• Open Access

Federal Politics and the Clinical and Translational Sciences

Authors


AM Feldman (arthur.feldman@jefferson.edu)

The clinical and translational sciences seemed to have suddenly arrived on Washington's political agenda. This past spring, Dr. Francis Collins, Director of the National Institutes of Health (NIH), proposed creation and funding of the National Center for Advancing Translational Sciences (NCATS). The center has lofty goals: “to reengineer the process of developing diagnostics, devices and therapeutics” and to accelerate the translation of laboratory findings to the clinical arena across a wide range of human conditions.1 It has; however, been criticized by both Democratic and Republican legislators, forcing Dr. Collins to defend his reorganization plans in the press and on Capitol Hill.2 In October 2011, President Obama also took up the banner of translational medicine.3 He directed all Federal research agencies to enhance their formation of research partnerships with small businesses, universities, and local communities, create new programs designed to support regional innovation clusters, support public–private partnerships, and to share Federal laboratory facilities with new biotechnology companies. The President also called on the NIH to facilitate the ability of biotechnology startups to license patents from the NIH, asked the US Patent and Trademark Office to assist small businesses with their intellectual property and created a program at the National Institute of Standards and Technology to better support entrepreneurs and connect them with funding opportunities. At a time when the country is stuck in a recession, the President's goals were transparent—he pointed out that the movement of scientific breakthroughs into the market place could lead to the development of new industries and new jobs.

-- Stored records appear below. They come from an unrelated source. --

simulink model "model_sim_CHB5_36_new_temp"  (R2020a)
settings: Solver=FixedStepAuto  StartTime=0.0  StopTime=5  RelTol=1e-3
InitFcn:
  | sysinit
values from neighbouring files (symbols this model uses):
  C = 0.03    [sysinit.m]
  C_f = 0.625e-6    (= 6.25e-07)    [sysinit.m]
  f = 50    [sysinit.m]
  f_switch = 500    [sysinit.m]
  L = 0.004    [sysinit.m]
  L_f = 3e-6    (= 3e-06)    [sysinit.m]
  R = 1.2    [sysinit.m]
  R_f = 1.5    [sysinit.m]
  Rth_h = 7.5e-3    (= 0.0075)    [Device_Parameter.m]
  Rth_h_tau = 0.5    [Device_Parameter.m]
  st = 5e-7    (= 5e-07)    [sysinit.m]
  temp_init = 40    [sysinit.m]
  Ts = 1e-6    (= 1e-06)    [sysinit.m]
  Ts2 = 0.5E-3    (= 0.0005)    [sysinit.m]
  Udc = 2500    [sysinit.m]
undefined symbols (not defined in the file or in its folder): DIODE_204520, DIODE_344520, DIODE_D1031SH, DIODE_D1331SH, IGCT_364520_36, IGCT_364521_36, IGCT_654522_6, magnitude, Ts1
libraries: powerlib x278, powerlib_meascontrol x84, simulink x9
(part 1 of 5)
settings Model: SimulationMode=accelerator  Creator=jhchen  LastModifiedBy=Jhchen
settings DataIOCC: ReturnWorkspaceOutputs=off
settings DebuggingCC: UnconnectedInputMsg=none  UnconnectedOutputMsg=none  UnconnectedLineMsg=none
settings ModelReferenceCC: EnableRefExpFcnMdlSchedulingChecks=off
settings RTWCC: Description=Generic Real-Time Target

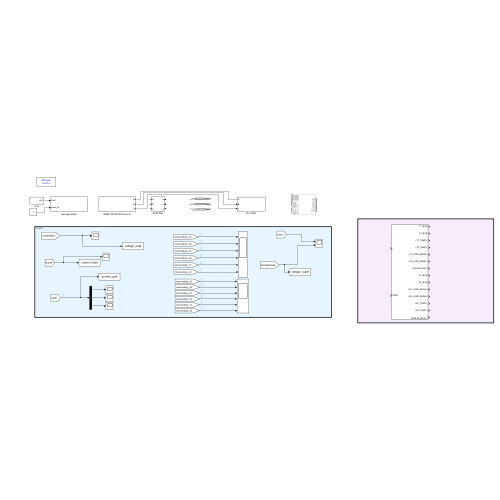
[thumbnail: Simulink's stored preview of the top-level diagram]
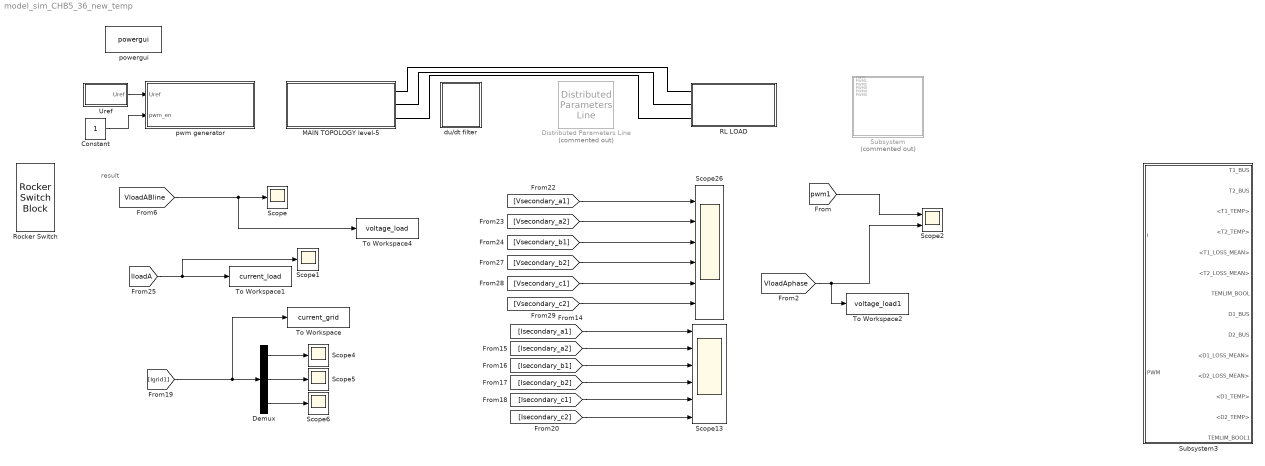
== system model_sim_CHB5_36_new_temp ==
  note: result
  Constant : Constant  OutDataTypeStr=boolean
  Demux : Demux  Outputs=3
  Distributed Parameters Line : powerlib/Elements/Distributed Parameters Line  Commented=on  Phases=3  Length=150e-3  Frequency=60  Resistance=[0.01273 0.3864]  Inductance="[0.9337e-3  4.1264e-3]"  Capacitance=[12.74e-9 7.751e-9]  x1=[0 0 0 0; 0.0001244 0 0 0; 0.0002488 0 0 0; 0.0003733 0 0 0; 0.0004977 0 0 0; 0.0006221 0 0 0]  x2=[0 0 0 0; 0.0001244 0 0 0; 0.0002488 0 0 0; 0.0003733 0 0 0; 0.0004977 0 0 0; 0.0006221 0 0 0]  x3=[0 0 0 0; 0.0001244 0 0 0; 0.0002488 0 0 0; 0.0003733 0 0 0; 0.0004977 0 0 0; 0.0006221 0 0 0]  x4=[0 0 0 0; 0.0001244 0 0 0; 0.0002488 0 0 0; 0.0003733 0 0 0; 0.0004977 0 0 0; 0.0006221 0 0 0]  x5=0  V1=ones(3,3)  V2=ones(3,3)  I1=ones(3,3)  I2=ones(3,3)  nHarmo=1  Measurements=None  Decoupling=off  VsMag0=0  VrMag0=0  VsAngle0=0  VrAngle0=0  IsMag0=0  IrMag0=0  IsAngle0=0  IrAngle0=0
  MAIN TOPOLOGY level-5 : Subsystem
  RL LOAD : Subsystem
  Rocker Switch : RockerSwitchBlock
      settings: Values={{'Off', 'On'}, [0 1]}
  Scope{,1,4..6} (5 alike) : Scope
  Scope13 : Scope  NumInputPorts=6
  Scope2 : Scope  NumInputPorts=2
  Scope26 : Scope  NumInputPorts=6
  Subsystem : Subsystem  Commented=on
  Subsystem3 : Subsystem  mask{IGCTTP=65L4522, DIODE_TP=34L4520}
      mask prompts: IGCTTP "IGCT_DEVICE"; DIODE_TP "DIODE_DEVICE"
      mask TypeOptions IGCTTP: 36L4520 | 36L4521 | 65L4522
      mask TypeOptions DIODE_TP: 20L4520 | 34L4520 | D1031SH | D1331SH
      mask DialogControl ParameterGroupVar Prompt: DEVICE TYPE
  To Workspace : ToWorkspace  VariableName=current_grid  SaveFormat=Structure With Time  SampleTime=-1
  To Workspace1 : ToWorkspace  VariableName=current_load  SaveFormat=Structure With Time  SampleTime=-1
  To Workspace2 : ToWorkspace  VariableName=voltage_load1  SaveFormat=Structure With Time  SampleTime=-1
  To Workspace4 : ToWorkspace  VariableName=voltage_load  SaveFormat=Structure With Time  SampleTime=-1
  Uref : Subsystem  mask{m=1, f=f, nn=0, deg=0}
      mask prompts: m "m_p调制比"; f "f_module输出频率"; nn "电压增加百分量"; deg "电流移相角度"
      mask DialogControl ParameterGroupVar Prompt: 参数
  du/dt filter : Subsystem
  powergui : powerlib/powergui  Priority=1  SimulationMode=Discrete  SampleTime=st  frequency=60  Iterations=50  frequencyindice=50  Pbase=100e6  ErrMax=1e-4  UnitsV=kV  UnitsW=MW  buscounter=0  FunctionMessages=off  echomessages=off  EnableUseOfTLC=off  CurrentSourceSwitches=off  DisableSnubberDevices=off  DisableRonSwitches=off  DisableVfSwitches=off  DisplayEquations=off  AutomaticDiscreteSolvers=off  SolverType=Tustin/Backward Euler (TBE)  Interpol=off  ExternalGateDelay=off  methode=off  Ts=100  x0status=blocks  SPID=on  SwTol=0  HookPort=off  NonlinearTolerance=1e-4  nMaxIteration=100  ContinueOnMaxIteration=off  RestoreLinks=warning  ResistiveCurrentMeasurement=off  Frange=[0:2:500]  Ylog=off  Xlog=on  ShowGrid=off  save=off  variable=ZData  structure=0  ZoomFFT=off  StartTime=0.0  cycles=1  DisplayStyle=1  fundamental=60  FreqAxis=off  MaxFrequency=1000  frequencyindicesteady=1  RmsSteady=1  display=off
  pwm generator : Subsystem  mask{f_car=f_switch, tt=1/4, ttd=0}
      mask prompts: f_car "f_carrier载波频率"; tt "ts载波移相周期"; ttd "td防直通延时"
      mask DialogControl ParameterGroupVar Prompt: 参数
  wires:
  Uref/1(Uref) -> pwm generator/1(Uref)
  [Isecondary_c2] -> Scope13/6
  [Isecondary_b2] -> Scope13/4
  [Isecondary_a2] -> Scope13/2
  Demux/2 -> Scope5/1
  [Vsecondary_b2] -> Scope26/4
  [Vsecondary_b1] -> Scope26/3
  [Isecondary_c1] -> Scope13/5
  [Vsecondary_a1] -> Scope26/1
  Demux/1 -> Scope4/1
  [Isecondary_a1] -> Scope13/1
  Demux/3 -> Scope6/1
  [Vsecondary_c2] -> Scope26/6
  [Igrid1] -> Demux/1, To Workspace/1
  [IloadA] -> Scope1/1, To Workspace1/1
  [Isecondary_b1] -> Scope13/3
  [Vsecondary_c1] -> Scope26/5
  [VloadABline] -> To Workspace4/1, Scope/1
  [Vsecondary_a2] -> Scope26/2
  [pwm1] -> Scope2/1
  [VloadAphase] -> To Workspace2/1, Scope2/2
  Constant/1 -> pwm generator/2(pwm_en)
  connections:
  RL LOAD/LConn1 -- MAIN TOPOLOGY level-5/RConn1
  RL LOAD/LConn2 -- MAIN TOPOLOGY level-5/RConn2
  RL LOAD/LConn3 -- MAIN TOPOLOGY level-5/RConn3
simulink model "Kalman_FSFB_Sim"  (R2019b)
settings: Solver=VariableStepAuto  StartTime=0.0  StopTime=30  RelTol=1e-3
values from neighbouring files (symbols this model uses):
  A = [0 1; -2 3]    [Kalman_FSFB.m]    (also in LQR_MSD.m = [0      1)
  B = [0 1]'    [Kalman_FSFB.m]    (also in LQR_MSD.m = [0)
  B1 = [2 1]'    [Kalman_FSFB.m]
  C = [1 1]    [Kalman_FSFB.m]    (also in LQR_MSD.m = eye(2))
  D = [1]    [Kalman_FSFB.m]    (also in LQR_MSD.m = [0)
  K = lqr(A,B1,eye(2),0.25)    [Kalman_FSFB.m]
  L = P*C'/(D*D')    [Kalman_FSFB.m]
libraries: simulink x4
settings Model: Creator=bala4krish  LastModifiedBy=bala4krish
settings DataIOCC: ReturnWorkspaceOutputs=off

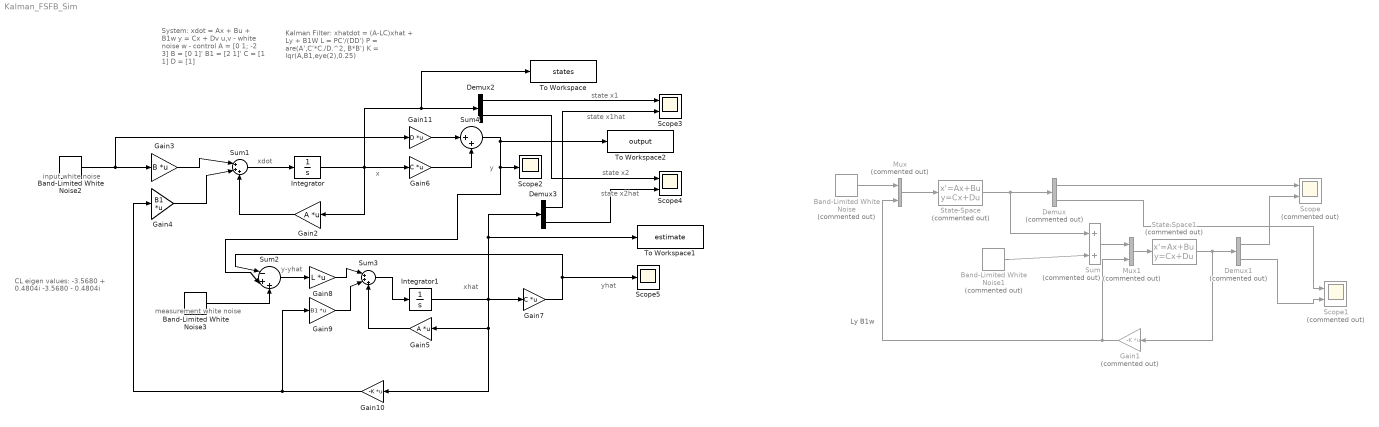
== system Kalman_FSFB_Sim ==
  note: xdot
  note: System:
      |
      | xdot = Ax + Bu + B1w
      | y = Cx + Dv
      | u,v - white noise
      | w - control
      |
      | A = [0 1; -2 3]
      | B = [0 1]'
      | B1 = [2 1]'
      | C = [1 1]
      | D = [1]
  note: state x1hat
  note: state x1
  note: measurement white noise
  note: input white noise
  note: y-yhat
  note: xhat
  note: y
  note: x
  note: yhat
  note: Ly
      | B1w
  note: Kalman Filter:
      |
      | xhatdot = (A-LC)xhat + Ly + B1W
      | L = PC'/(DD')
      | P = are(A',C'*C./D.^2, B*B')
      | K = lqr(A,B1,eye(2),0.25)
  note: state x2hat
  note: state x2
  note: CL eigen values:
      |
      | -3.5680 + 0.4804i
      | -3.5680 - 0.4804i
  Band-Limited White Noise : simulink/Sources/Band-Limited White Noise  Commented=on  Cov=0.1  Ts=0.1  seed=[23341]
  Band-Limited White Noise1 : simulink/Sources/Band-Limited White Noise  Commented=on  Cov=0.1  Ts=0.1  seed=[23342]
  Band-Limited White Noise2 : simulink/Sources/Band-Limited White Noise  Cov=0.1  Ts=0.1  seed=[23341]
  Band-Limited White Noise3 : simulink/Sources/Band-Limited White Noise  Cov=0.1  Ts=0.1  seed=[23342]
  Demux : Demux  Commented=on  Outputs=2
  Demux1 : Demux  Commented=on  Outputs=2
  Demux2 : Demux  Outputs=2
  Demux3 : Demux  Outputs=2
  Gain1 : Gain  Commented=on  Gain=-K  Multiplication=Matrix(K*u)
  Gain10 : Gain  Gain=-K  Multiplication=Matrix(K*u)
  Gain11 : Gain  Gain=D  Multiplication=Matrix(K*u)
  Gain2 : Gain  Gain=A  Multiplication=Matrix(K*u)
  Gain3 : Gain  Gain=B  Multiplication=Matrix(K*u)
  Gain4 : Gain  Gain=B1  Multiplication=Matrix(K*u)
  Gain5 : Gain  Gain=A  Multiplication=Matrix(K*u)
  Gain6 : Gain  Gain=C  Multiplication=Matrix(K*u)
  Gain7 : Gain  Gain=C  Multiplication=Matrix(K*u)
  Gain8 : Gain  Gain=L  Multiplication=Matrix(K*u)
  Gain9 : Gain  Gain=B1  Multiplication=Matrix(K*u)
  Integrator : Integrator
  Integrator1 : Integrator
  Mux : Mux  Commented=on  Inputs=2
  Mux1 : Mux  Commented=on  Inputs=2
  Scope : Scope  Commented=on  NumInputPorts=2
  Scope1 : Scope  Commented=on  NumInputPorts=2
  Scope2 : Scope
  Scope3 : Scope  NumInputPorts=2
  Scope4 : Scope  NumInputPorts=2
  Scope5 : Scope
  State-Space : StateSpace  Commented=on  A=A  B=B  C=C  D=[1;1];  InitialCondition=0
  State-Space1 : StateSpace  Commented=on  A=A-L*C  B=[L B1]  C=C  D=[1 1]  InitialCondition=0
  Sum : Sum  Commented=on  Inputs=|++
  Sum1 : Sum  Inputs=|+++
  Sum2 : Sum  Inputs=|-++
  Sum3 : Sum  Inputs=|+++
  Sum4 : Sum  Inputs=|++
  To Workspace : ToWorkspace  VariableName=states  SaveFormat=Structure With Time  SampleTime=-1
  To Workspace1 : ToWorkspace  VariableName=estimate  SaveFormat=Structure With Time  SampleTime=-1
  To Workspace2 : ToWorkspace  VariableName=output  SaveFormat=Structure With Time  SampleTime=-1
  wires:
  Band-Limited White Noise/1 -> Mux/1
  Mux/1 -> State-Space/1
  State-Space/1 -> Demux/1, Sum/1
  Mux1/1 -> State-Space1/1
  State-Space1/1 -> Demux1/1, Gain1/1
  Demux1/2 -> Scope1/2
  Gain1/1 -> Mux/2, Mux1/2
  Sum/1 -> Mux1/1
  Demux/2 -> Scope1/1
  Band-Limited White Noise1/1 -> Sum/2
  Demux/1 -> Scope/1
  Demux1/1 -> Scope/2
  Integrator/1 -> Gain2/1, To Workspace/1, Demux2/1, Gain6/1
  Gain2/1 -> Sum1/3
  Band-Limited White Noise2/1 -> Gain11/1, Gain3/1
  Gain3/1 -> Sum1/1
  Gain4/1 -> Sum1/2
  Sum1/1 -> Integrator/1
  Gain5/1 -> Sum3/3
  Sum3/1 -> Integrator1/1
  Integrator1/1 -> Gain5/1, Gain10/1, Demux3/1, To Workspace1/1, Gain7/1
  Sum4/1 -> To Workspace2/1, Sum2/2, Scope2/1
  Band-Limited White Noise3/1 -> Sum2/3
  Sum2/1 -> Gain8/1
  Gain8/1 -> Sum3/1
  Gain9/1 -> Sum3/2
  Gain7/1 -> Scope5/1, Sum2/1
  Gain10/1 -> Gain9/1, Gain4/1
  Demux2/1 -> Scope3/1
  Demux3/1 -> Scope3/2
  Demux3/2 -> Scope4/2
  Demux2/2 -> Scope4/1
  Gain11/1 -> Sum4/1
  Gain6/1 -> Sum4/2
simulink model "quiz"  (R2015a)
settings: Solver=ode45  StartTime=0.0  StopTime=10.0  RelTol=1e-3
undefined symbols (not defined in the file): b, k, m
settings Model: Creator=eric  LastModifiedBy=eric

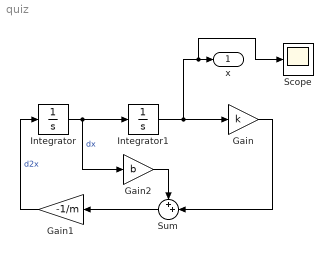
== system quiz ==
  Gain : Gain  Gain=k
  Gain1 : Gain  Gain=-1/m
  Gain2 : Gain  Gain=b
  Integrator : Integrator  InitialCondition=10
  Integrator1 : Integrator
  Scope : Scope
  Sum : Sum  Inputs=++|
  x : Outport
  wires:
  Integrator/1 -> Gain2/1, Integrator1/1  "dx"
  Integrator1/1 -> Gain/1, x/1, Scope/1
  Gain1/1 -> Integrator/1  "d2x"
  Sum/1 -> Gain1/1
  Gain/1 -> Sum/2
  Gain2/1 -> Sum/1

For those of us who pursue translational research, the creation of NCATS by the NIH and President Obama's directives to Federal agencies to support and facilitate academic–industry partnerships is laudable and encouraging. Nonetheless, we must carefully look at these initiatives to assess whether they will truly enhance our ability to transition discoveries from the bench to the bedside and improve the health of Americans or whether they represent election year political posturing. I worry that neither NCATS nor the new Federal mandates will appreciably affect drug discovery in the United States unless additional actions are taken that will mitigate some of the key roadblocks in the drug discovery pipeline: a short patent runway for many drugs and devices; decreasing venture capital financing; and the high cost of drug development to name a few.

The average new drug takes 12–15 years to develop— exhausting much if not all of its patent life and costing close to a billion dollars. For drugs that have reached the end of their patent life, the Hatch–Waxman Act provides a period of exclusivity of only 5 years. In the present economic climate in the United States, the brief period of exclusivity afforded by Hatch–Waxman has deterred many venture capital firms and pharmaceutical companies from pursuing the development of drugs whose patents have expired or are expected to expire during their clinical testing. A good example is the drug lidorestat, a potent inhibitor of aldose reductase. In the absence of insulin, aldose reductase metabolizes glucose into the toxic byproducts sorbitol and fructose. Lidorestat inhibited aldose reductase activity and prevented the complications of diabetes in animal models. Initial clinical studies focused on the role of preventing diabetic neuropathy in patients with diabetes. Unfortunately, these studies were time consuming, expensive, and ill conceived because there were no objective end points to follow in a large and heterogeneous patient population. Although other diabetic complications—in particular diabetic cardiomyopathy—were found to provide more attainable clinical end points for purposes of clinical evaluation, development of the drug was stopped when the initial patent life terminated. Venture capital financing was unattainable because the 5-year window of exclusivity provided by the Hatch–Waxman Act was perceived as being too short to recoup the costs of what were expected to be expensive and time-consuming clinical trials. Interestingly, in Europe, drugs whose patents have expired can gain 10 years of additional exclusivity on the basis of the results of clinical trials.

Dr. Collins envisions NCATS's mission as catalyzing the development of new technologies and innovative methods that will enhance the ability of both the public and private sectors to develop and test tomorrow's therapeutics. With just a billion dollars per year in new funding allocated to NCATS, the commercialization of these new technologies will require substantive private support. In fact, President Obama pointed out in his own directive to the Federal agencies the need to work closely with private industry. However, neither Dr. Collin's comments nor those of the President take into account the fact that the US venture capital industry has become increasingly less venturesome and it has become far more difficult for new companies to acquire the support required to develop investigational drugs or devices. For example, in 2000 venture capital funds capitalized 358 new biotechnology companies with a total investment of $4.0 billion. Ten years later, venture capital companies funded 483 new companies but their total investment was only $3.4 billion and there is a paucity of funding for early-stage start-up companies. Many venture capital firms have simply lost the fortitude to take risk—a critical element in the success of translational science.4 Thus, unless the NIH or the Federal government is actually willing to make substantive investments in the creation of new biotechnology companies and their drug development efforts, it is unlikely that significant new opportunities for drug development will arise from either the NCATS or from President Obama's new Federal initiatives.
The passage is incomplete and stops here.